(Entries taken from a collection)
▼

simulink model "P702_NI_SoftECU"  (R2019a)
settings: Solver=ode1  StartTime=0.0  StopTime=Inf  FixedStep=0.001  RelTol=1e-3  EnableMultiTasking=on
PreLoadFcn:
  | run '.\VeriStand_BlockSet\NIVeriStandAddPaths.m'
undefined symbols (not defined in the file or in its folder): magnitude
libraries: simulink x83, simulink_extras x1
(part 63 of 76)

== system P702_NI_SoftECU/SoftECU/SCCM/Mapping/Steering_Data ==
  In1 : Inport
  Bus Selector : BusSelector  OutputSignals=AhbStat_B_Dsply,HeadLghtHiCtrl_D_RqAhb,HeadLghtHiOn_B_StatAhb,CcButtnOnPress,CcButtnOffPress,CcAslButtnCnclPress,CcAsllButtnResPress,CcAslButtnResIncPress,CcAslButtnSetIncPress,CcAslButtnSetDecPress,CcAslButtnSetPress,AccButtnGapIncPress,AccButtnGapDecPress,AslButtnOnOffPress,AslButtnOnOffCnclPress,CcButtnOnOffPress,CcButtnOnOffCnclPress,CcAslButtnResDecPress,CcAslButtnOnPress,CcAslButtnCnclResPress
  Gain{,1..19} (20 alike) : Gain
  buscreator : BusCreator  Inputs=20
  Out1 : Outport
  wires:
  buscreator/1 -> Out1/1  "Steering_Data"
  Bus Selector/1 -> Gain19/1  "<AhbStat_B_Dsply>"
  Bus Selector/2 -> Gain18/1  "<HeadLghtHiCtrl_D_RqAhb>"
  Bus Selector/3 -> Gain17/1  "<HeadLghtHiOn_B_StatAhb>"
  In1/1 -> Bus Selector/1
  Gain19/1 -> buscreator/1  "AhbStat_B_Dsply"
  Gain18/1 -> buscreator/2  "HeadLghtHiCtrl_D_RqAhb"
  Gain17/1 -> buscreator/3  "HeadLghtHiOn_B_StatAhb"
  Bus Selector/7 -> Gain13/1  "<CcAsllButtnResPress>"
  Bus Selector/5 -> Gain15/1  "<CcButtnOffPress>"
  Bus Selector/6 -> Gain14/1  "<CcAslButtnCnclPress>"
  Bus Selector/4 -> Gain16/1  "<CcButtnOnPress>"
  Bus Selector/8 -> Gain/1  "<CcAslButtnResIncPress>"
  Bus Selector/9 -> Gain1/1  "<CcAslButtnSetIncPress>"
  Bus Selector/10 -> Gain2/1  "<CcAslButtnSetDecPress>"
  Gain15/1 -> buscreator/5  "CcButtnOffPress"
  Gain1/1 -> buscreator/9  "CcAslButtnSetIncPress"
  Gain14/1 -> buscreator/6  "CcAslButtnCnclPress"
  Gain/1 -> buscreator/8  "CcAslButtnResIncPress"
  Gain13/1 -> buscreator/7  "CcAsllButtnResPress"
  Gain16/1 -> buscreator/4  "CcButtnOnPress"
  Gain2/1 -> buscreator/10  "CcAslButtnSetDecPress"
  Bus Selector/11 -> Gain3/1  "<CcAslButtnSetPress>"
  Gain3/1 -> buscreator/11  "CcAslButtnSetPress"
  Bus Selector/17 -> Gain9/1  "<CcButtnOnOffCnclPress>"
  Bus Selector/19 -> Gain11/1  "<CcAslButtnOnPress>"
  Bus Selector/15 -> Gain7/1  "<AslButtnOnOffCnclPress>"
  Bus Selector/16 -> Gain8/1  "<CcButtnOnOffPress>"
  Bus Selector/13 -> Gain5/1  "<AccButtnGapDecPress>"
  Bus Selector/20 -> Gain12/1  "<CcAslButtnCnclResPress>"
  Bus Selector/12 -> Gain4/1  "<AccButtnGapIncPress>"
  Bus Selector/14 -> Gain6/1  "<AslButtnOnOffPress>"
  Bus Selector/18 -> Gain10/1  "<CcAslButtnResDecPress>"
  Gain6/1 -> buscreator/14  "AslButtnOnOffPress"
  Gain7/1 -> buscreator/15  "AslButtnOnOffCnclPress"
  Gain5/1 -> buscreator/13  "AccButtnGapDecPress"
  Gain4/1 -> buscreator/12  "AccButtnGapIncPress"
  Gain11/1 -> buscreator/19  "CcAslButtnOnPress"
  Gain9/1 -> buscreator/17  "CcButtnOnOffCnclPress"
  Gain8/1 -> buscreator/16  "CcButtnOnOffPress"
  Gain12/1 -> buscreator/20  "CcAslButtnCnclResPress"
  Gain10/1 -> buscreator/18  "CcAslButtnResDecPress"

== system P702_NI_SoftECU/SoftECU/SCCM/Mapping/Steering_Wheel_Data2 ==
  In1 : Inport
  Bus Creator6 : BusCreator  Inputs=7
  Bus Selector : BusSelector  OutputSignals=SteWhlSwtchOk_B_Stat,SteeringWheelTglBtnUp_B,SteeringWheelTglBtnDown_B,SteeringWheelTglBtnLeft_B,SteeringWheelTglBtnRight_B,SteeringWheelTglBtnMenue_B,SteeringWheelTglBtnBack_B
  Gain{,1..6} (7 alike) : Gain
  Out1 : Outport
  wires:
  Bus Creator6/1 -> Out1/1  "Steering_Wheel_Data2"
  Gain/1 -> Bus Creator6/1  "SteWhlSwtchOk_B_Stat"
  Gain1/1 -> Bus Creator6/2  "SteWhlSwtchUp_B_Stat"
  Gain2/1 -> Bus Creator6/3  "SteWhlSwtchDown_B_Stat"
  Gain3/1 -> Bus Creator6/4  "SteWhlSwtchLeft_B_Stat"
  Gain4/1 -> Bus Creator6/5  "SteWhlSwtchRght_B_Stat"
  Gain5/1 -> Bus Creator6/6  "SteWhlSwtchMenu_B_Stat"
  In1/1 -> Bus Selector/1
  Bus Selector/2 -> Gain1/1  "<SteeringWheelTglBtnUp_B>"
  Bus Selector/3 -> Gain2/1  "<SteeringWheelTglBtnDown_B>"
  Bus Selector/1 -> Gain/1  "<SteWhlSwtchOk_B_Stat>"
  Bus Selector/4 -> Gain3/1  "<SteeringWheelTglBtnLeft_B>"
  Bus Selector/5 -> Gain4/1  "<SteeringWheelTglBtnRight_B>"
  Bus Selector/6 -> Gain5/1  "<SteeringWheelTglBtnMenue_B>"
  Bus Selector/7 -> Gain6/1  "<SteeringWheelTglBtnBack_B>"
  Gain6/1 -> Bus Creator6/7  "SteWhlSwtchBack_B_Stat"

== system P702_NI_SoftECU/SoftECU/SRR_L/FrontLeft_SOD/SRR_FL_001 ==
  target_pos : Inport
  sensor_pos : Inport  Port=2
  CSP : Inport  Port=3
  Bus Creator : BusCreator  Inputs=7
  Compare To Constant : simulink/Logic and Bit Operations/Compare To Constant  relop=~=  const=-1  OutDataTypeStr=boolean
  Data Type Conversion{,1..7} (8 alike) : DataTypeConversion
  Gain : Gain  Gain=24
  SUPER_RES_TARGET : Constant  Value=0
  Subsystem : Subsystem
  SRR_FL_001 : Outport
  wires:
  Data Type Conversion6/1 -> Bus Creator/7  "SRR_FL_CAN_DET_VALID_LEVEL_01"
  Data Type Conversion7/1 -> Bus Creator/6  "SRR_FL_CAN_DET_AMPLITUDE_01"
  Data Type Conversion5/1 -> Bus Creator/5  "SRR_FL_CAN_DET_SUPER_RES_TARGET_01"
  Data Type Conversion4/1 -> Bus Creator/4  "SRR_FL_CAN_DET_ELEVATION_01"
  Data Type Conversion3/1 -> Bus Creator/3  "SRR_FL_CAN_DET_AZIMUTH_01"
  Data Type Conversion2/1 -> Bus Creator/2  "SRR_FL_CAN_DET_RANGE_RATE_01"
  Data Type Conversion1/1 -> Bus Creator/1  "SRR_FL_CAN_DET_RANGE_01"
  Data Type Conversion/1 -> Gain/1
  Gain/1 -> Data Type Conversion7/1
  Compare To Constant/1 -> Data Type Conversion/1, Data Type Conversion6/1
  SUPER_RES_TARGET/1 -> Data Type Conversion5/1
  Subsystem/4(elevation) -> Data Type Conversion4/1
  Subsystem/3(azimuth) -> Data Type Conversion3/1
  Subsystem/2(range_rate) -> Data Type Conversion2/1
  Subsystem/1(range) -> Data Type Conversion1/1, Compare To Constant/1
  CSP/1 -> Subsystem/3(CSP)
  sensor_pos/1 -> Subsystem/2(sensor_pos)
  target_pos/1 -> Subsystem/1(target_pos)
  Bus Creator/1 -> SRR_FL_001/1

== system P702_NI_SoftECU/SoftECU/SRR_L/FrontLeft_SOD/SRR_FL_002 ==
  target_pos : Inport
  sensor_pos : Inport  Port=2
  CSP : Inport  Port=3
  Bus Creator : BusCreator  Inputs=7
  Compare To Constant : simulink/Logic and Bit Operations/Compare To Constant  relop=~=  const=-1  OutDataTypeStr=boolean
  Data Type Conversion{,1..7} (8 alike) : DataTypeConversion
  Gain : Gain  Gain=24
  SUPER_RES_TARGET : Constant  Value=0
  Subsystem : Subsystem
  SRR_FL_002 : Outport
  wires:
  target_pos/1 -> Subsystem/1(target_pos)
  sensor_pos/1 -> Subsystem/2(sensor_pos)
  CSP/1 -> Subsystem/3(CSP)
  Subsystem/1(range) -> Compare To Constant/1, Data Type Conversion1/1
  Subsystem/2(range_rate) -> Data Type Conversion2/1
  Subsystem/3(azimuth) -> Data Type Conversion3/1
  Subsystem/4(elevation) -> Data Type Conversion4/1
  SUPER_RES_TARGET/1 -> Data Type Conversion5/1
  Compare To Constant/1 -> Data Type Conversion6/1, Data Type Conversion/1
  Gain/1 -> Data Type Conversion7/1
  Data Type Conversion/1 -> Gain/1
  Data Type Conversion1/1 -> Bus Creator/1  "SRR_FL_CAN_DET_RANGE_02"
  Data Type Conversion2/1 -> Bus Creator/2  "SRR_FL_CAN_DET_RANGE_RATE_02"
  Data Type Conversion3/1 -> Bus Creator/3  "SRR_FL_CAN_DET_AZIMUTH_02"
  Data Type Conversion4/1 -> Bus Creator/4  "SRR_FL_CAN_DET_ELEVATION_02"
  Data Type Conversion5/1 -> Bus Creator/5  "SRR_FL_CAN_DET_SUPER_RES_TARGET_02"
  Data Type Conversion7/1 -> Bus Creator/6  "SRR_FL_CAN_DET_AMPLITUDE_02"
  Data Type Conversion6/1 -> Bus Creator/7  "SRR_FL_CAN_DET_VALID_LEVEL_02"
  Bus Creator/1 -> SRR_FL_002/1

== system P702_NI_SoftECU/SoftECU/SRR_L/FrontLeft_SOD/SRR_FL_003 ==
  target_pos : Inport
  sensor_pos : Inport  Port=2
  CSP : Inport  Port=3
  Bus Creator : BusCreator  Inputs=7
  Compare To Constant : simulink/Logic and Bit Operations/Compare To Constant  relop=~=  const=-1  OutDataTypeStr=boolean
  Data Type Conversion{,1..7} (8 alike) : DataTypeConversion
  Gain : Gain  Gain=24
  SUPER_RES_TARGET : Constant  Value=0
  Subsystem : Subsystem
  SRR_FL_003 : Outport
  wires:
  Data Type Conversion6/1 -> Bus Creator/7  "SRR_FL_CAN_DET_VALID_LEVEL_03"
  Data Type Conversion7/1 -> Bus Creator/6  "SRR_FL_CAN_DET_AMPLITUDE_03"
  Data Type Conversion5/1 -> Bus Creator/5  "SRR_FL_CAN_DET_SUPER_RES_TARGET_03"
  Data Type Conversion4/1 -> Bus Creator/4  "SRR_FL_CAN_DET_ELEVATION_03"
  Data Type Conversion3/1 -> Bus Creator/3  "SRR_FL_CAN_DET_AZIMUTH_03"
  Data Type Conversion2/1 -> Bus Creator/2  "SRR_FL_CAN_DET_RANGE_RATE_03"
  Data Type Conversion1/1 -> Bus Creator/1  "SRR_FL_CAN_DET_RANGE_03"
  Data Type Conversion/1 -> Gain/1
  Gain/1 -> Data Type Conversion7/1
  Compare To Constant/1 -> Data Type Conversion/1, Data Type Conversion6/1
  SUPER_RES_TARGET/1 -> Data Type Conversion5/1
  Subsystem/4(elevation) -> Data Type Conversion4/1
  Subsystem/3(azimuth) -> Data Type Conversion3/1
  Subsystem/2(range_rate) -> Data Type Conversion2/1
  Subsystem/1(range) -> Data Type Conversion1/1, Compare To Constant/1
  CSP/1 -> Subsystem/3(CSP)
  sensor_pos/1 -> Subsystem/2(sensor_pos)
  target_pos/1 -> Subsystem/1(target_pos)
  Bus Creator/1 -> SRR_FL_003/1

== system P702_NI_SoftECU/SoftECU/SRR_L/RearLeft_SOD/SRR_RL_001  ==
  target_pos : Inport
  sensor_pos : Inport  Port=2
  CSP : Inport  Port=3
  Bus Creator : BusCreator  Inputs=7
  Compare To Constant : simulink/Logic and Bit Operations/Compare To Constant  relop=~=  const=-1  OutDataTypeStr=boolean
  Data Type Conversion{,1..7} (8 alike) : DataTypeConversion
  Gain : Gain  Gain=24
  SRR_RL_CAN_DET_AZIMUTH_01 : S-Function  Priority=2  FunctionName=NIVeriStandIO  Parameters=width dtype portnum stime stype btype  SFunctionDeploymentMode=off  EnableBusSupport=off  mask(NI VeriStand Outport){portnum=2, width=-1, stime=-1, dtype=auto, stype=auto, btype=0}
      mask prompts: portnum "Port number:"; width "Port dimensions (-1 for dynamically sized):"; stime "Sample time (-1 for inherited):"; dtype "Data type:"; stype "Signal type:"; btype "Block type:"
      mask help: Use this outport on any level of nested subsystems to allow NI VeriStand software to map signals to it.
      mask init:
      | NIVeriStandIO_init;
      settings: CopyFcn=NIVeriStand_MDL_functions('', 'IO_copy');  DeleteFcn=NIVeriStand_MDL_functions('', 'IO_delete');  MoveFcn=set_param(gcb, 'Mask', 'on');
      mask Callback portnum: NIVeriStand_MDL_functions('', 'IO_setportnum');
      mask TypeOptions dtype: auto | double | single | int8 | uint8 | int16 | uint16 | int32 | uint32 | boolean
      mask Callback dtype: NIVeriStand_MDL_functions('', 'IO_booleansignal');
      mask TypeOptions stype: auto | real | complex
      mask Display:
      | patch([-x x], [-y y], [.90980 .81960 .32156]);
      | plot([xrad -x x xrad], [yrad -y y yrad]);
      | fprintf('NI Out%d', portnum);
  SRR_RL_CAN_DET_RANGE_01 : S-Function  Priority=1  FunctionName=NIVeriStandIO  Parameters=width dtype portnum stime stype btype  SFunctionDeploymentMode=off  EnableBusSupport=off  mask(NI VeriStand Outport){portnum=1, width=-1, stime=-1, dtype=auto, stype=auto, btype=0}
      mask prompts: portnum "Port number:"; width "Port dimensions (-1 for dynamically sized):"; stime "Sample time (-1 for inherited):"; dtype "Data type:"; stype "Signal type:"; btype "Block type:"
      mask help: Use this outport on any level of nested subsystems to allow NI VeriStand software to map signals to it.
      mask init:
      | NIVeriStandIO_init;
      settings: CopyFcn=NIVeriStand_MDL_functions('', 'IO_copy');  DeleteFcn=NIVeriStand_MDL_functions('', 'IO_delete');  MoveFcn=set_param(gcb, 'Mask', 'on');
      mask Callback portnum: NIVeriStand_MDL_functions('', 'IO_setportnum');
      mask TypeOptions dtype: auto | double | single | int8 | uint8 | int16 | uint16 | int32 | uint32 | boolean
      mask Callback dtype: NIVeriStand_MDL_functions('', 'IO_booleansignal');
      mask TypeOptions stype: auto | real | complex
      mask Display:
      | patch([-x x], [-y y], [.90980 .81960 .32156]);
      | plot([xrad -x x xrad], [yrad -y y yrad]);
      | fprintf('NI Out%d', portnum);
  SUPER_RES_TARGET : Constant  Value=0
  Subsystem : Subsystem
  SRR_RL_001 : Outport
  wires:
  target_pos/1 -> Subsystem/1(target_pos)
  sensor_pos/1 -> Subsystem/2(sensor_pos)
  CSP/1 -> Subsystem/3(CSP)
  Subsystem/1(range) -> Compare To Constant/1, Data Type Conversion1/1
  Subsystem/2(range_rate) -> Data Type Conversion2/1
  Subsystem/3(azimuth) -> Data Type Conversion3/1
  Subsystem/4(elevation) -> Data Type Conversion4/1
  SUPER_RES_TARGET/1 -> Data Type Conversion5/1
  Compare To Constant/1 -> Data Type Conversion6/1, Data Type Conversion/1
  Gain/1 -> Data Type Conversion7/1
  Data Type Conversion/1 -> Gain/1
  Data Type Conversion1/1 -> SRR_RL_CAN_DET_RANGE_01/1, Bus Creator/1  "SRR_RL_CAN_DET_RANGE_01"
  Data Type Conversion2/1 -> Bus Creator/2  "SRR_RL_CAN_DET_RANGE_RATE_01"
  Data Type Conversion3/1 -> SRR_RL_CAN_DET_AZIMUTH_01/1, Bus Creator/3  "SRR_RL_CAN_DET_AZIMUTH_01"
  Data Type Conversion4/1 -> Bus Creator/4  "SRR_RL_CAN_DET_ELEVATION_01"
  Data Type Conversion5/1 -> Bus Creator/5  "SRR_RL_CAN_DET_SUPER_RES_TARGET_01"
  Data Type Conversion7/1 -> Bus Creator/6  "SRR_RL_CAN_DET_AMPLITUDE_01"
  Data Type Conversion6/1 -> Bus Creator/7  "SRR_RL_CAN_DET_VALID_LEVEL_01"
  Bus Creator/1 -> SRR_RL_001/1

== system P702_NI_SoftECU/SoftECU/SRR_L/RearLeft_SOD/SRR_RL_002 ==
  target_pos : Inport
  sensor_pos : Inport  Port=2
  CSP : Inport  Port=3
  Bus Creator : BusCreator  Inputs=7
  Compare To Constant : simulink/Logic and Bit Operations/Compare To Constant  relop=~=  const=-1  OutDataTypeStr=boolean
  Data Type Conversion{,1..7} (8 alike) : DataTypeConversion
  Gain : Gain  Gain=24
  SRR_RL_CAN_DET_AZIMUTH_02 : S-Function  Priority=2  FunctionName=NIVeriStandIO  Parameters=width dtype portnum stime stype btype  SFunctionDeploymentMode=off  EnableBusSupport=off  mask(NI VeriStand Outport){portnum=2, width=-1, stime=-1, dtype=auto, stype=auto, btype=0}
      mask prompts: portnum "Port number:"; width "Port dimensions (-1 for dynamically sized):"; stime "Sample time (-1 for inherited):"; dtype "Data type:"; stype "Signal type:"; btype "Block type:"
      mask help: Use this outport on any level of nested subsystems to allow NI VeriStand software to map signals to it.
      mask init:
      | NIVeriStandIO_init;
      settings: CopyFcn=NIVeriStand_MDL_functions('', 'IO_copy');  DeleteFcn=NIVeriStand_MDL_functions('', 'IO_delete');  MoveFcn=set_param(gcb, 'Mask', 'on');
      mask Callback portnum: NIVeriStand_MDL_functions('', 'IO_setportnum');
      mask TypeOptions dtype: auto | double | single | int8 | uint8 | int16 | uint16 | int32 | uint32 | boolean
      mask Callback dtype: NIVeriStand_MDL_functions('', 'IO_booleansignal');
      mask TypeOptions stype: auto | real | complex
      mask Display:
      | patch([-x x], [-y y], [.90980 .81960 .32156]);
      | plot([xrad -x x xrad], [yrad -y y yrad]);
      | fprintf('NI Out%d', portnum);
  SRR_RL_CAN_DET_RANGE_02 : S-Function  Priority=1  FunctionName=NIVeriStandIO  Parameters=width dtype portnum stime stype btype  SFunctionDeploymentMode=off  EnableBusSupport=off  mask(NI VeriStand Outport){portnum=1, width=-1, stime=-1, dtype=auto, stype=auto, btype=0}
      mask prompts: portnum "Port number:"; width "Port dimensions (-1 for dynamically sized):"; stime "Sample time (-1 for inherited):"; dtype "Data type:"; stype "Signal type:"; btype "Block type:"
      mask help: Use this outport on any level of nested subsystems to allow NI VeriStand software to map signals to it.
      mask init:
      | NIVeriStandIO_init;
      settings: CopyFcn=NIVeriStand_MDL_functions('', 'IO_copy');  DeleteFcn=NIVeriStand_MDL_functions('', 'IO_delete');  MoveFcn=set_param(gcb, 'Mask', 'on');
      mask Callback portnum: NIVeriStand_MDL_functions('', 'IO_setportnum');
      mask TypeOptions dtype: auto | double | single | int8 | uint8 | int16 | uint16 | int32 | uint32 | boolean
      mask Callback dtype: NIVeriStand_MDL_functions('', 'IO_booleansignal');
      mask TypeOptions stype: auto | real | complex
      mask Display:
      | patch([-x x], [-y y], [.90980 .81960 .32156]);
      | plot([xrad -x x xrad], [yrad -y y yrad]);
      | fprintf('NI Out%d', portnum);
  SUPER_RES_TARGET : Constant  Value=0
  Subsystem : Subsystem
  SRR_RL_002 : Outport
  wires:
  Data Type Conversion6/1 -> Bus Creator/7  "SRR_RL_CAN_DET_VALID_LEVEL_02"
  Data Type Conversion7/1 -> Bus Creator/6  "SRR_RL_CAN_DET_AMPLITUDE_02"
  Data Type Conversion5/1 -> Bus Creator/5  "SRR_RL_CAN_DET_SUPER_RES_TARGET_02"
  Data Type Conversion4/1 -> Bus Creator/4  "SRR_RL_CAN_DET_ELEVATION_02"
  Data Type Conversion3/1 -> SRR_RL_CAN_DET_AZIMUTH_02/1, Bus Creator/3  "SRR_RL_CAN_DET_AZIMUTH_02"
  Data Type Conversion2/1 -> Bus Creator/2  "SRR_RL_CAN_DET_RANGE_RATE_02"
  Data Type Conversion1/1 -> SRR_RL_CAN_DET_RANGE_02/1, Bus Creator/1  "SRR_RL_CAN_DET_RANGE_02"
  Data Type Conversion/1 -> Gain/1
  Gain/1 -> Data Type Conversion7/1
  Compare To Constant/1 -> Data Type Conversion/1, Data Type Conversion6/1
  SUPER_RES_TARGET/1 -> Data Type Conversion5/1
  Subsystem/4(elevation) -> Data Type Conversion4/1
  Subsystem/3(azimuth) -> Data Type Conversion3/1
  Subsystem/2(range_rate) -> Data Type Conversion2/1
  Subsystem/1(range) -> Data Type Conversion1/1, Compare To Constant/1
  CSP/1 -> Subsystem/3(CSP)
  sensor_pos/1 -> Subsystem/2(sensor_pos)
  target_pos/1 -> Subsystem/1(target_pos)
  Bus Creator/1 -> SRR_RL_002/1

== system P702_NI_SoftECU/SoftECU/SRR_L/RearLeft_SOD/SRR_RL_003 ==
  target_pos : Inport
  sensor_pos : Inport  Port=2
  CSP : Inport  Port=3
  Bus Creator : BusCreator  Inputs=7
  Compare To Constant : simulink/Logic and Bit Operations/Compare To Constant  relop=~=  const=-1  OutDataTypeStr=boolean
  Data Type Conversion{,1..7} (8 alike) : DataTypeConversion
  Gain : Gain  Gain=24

▲

_Aim of the task_
Using the records above, pull out each line where the word "CcAslButtnSetDecPress" occurs.

_Written answer_
  Bus Selector : BusSelector  OutputSignals=AhbStat_B_Dsply,HeadLghtHiCtrl_D_RqAhb,HeadLghtHiOn_B_StatAhb,CcButtnOnPress,CcButtnOffPress,CcAslButtnCnclPress,CcAsllButtnResPress,CcAslButtnResIncPress,CcAslButtnSetIncPress,CcAslButtnSetDecPress,CcAslButtnSetPress,AccButtnGapIncPress,AccButtnGapDecPress,AslButtnOnOffPress,AslButtnOnOffCnclPress,CcButtnOnOffPress,CcButtnOnOffCnclPress,CcAslButtnResDecPress,CcAslButtnOnPress,CcAslButtnCnclResPress
  Bus Selector/10 -> Gain2/1  "<CcAslButtnSetDecPress>"
  Gain2/1 -> buscreator/10  "CcAslButtnSetDecPress"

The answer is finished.